Izotope RX or Ultimate Vocal Remover?
If not.. or possibly in combination..
What are the good stereo qualities of the stack tape you would like to retain? Does it convey actual stereo image placement of sound sources? Or is the stereo aspect of it mostly an more open non-monophonic portrayal of audience. reverberance, and room sound? If more the second than the first (which is typical of a stack tape), and the clean channel sounds good on its own in isolation except for being less involving and somewhat dimensionless in a stereo sense, you might use just that channel and apply some flavor of pseudo stereo processing to it.
Advantages of that approach are that the work will mostly involve dialing in the most appropriate pseudo-stereo sound, followed by applying that to the entire recording, rather than doing lots of cross-fading (less post work), and it avoid transitions back and forth that could be noticeable and distracting.

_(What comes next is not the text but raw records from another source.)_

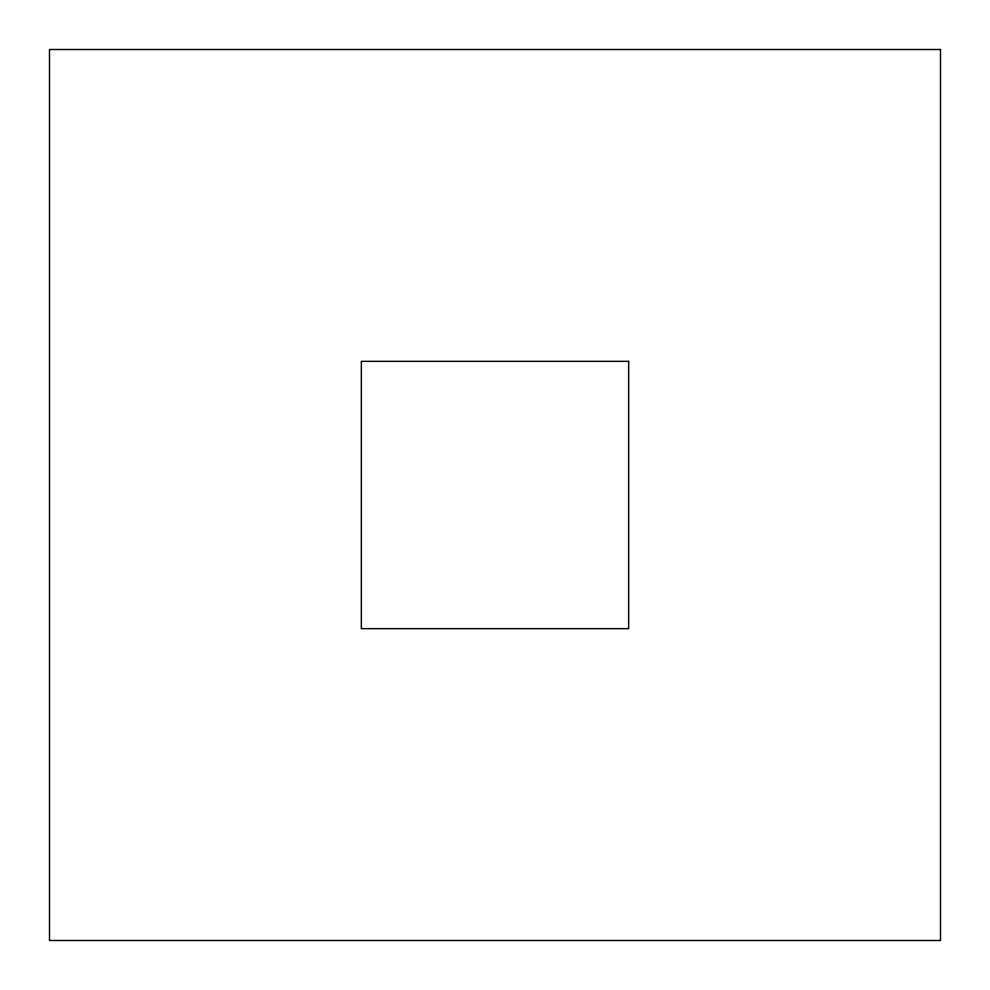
<?xml version="1.0" encoding="UTF-8"?>
<svg xmlns="http://www.w3.org/2000/svg" width="990" height="990" viewBox="0 0 990 990"><rect width="100%" height="100%" fill="white"/><g stroke="black" fill="none" stroke-linecap="round" stroke-linejoin="round"><path stroke-width="1.49" d="M940.5 49.5L49.5 49.5L49.5 940.5L940.5 940.5L940.5 49.5M628.65 361.35L361.35 361.35L361.35 628.65L628.65 628.65L628.65 361.35"/></g></svg>
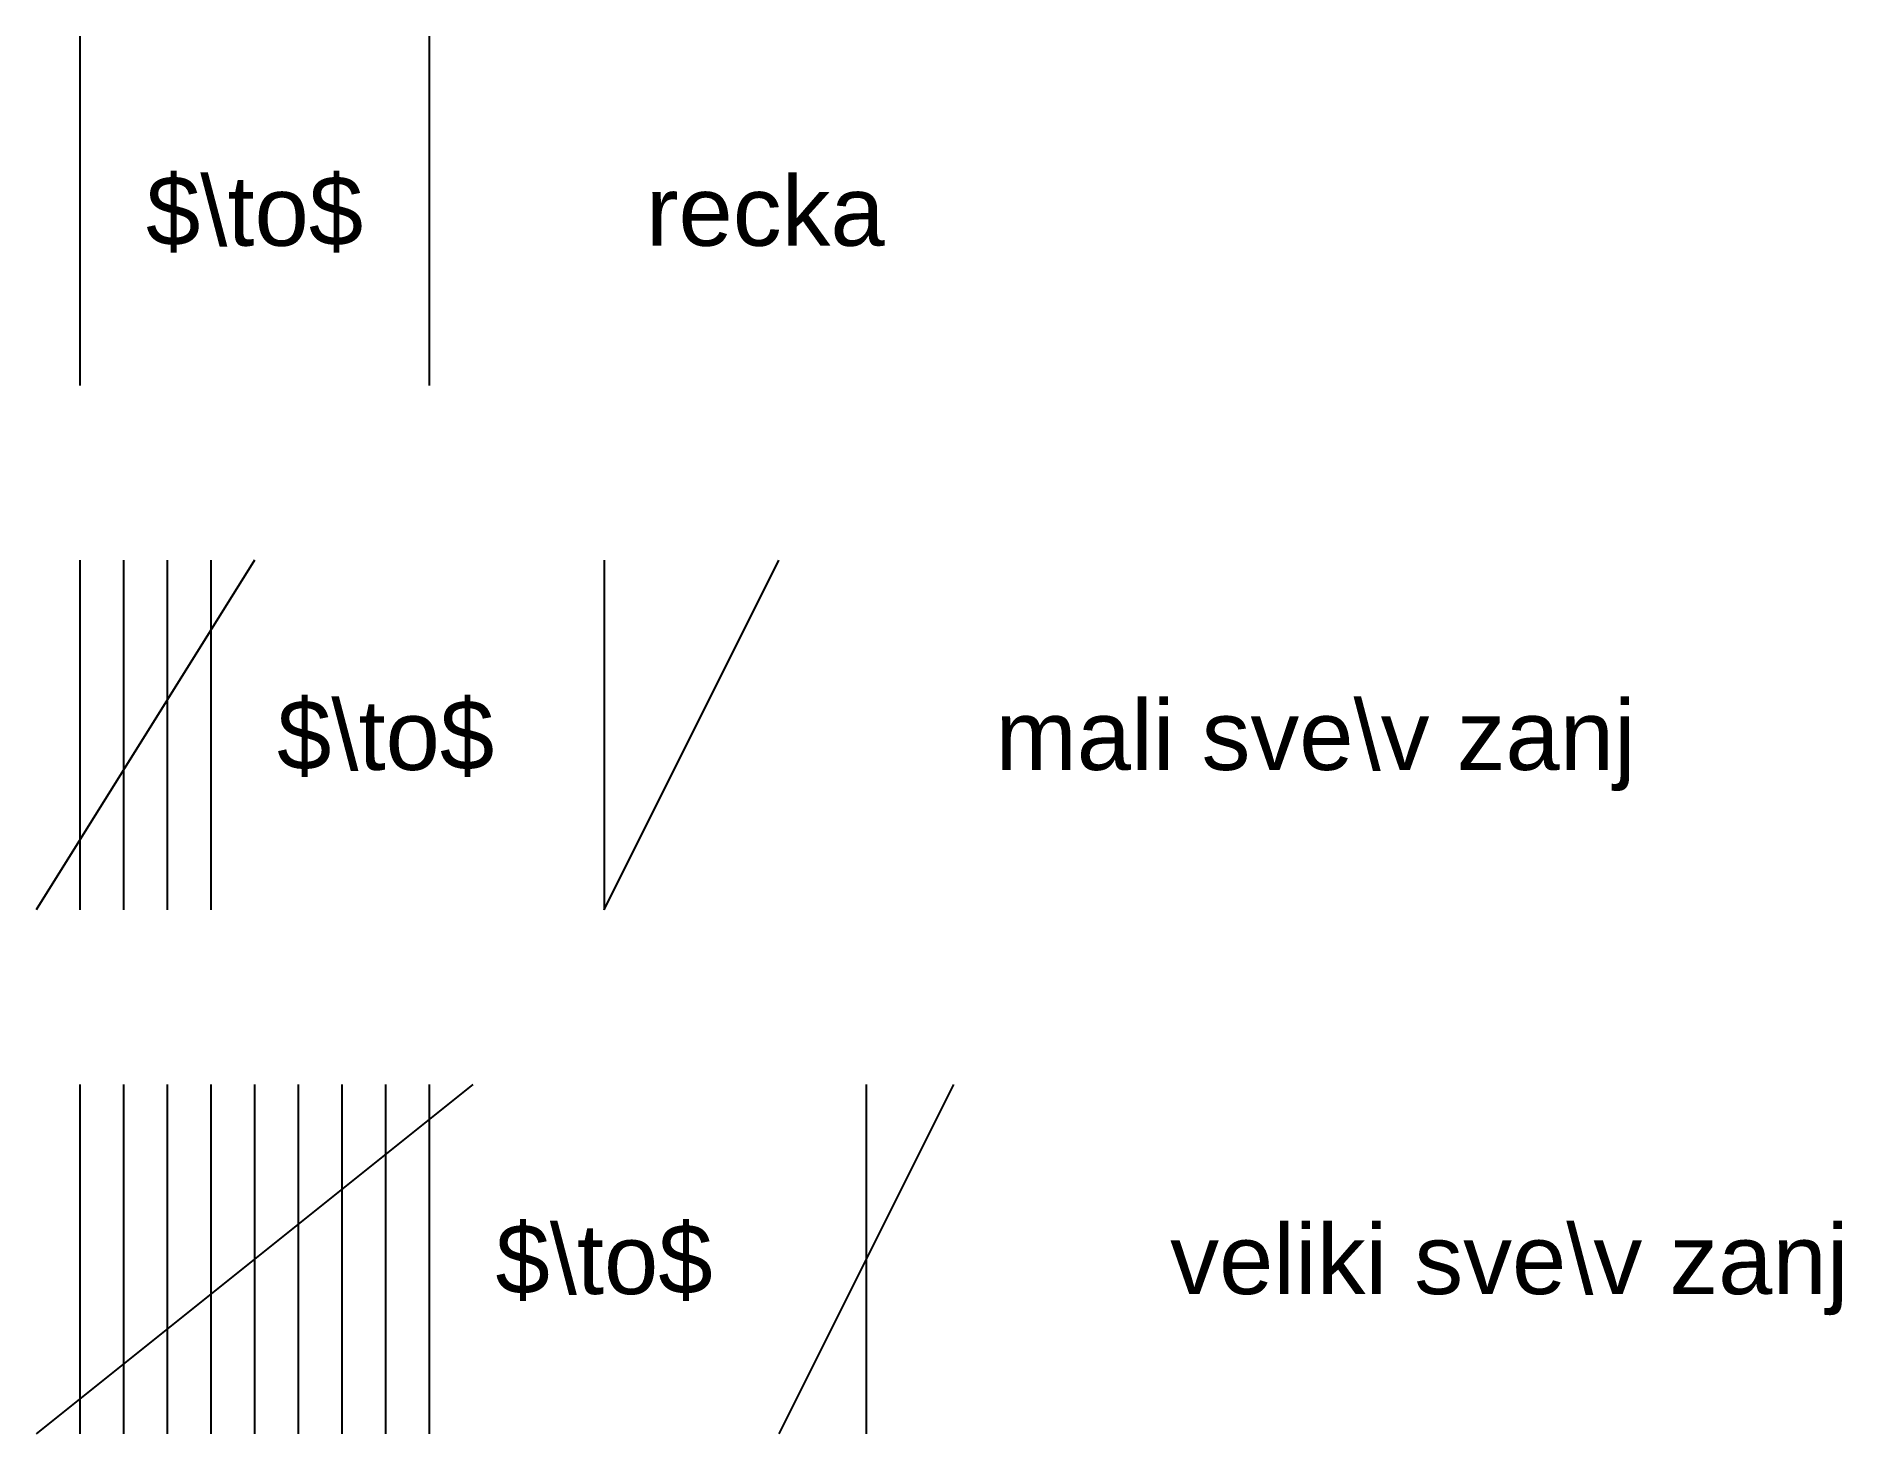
# Model space of a CAD drawing. Header units: inches. Extents: x 38 to 554, y 200 to 600.
import ezdxf
from ezdxf.enums import TextEntityAlignment as Align

# ---------------------------------------------------------------- set-up
doc = ezdxf.new("R2010")
doc.units = ezdxf.units.IN
doc.header["$MEASUREMENT"] = 0
doc.styles.get("Standard").update_dxf_attribs({"font": 'arial.ttf'})

msp = doc.modelspace()

# ---------------------------------------------------------------- linework, layer by layer
for p, q in [((50, 600), (50, 500)), ((150, 600), (150, 500)), ((100, 450), (37.5, 350)), ((50, 450), (50, 350)), ((62.5, 450), (62.5, 350)), ((75, 450), (75, 350)), ((87.5, 450), (87.5, 350)), ((200, 450), (200, 350)), ((200, 350), (250, 450)), ((162.5, 300), (37.5, 200)), ((50, 300), (50, 200)), ((62.5, 300), (62.5, 200)), ((75, 300), (75, 200)), ((87.5, 300), (87.5, 200)), ((100, 300), (100, 200)), ((112.5, 300), (112.5, 200)), ((125, 300), (125, 200)), ((137.5, 300), (137.5, 200)), ((150, 300), (150, 200)), ((300, 300), (250, 200)), ((275, 300), (275, 200))]:
    msp.add_line(p, q)

# ---------------------------------------------------------------- texts
for p in [(100, 550), (137.5, 400), (200, 250)]:
    msp.add_text('$\\to$', height=20).set_placement(p, align=Align.MIDDLE_CENTER)
for s, p in [('recka', (212, 550)), ('mali sve\\v zanj', (312, 400)), ('veliki sve\\v zanj', (362, 250))]:
    msp.add_text(s, height=20).set_placement(p, align=Align.MIDDLE_LEFT)

doc.saveas('drawing.dxf')

There are a number of pseudo-stereo techniques you might use, which has been covered in other TS threads. Most of those will use just the "good" channel and discard the other one. I like using Mid/Side processing for stuff like this, partly because it can retain both original channels- if you can EQ the channel that has the extraneous singing in it such that the voice is significantly attenuated (deeply scoop out the mids, leaving the lows and highs - don't worry that it sounds incorrect on its own) you can use that as the Side channel and the clean channel as the Mid channel. The channel with the attenuated signing then becomes the "stereo effect channel". After Mid/Side processing its content will be heard out to either side, with the clean channel dominating the center of the playback image. Stereo involvement will manifest mostly in the low and high frequency regions, while the midrange will be focused and centered. Any attenuated extraneous singing that may still be audible will tend to be diffuse and out to the sides.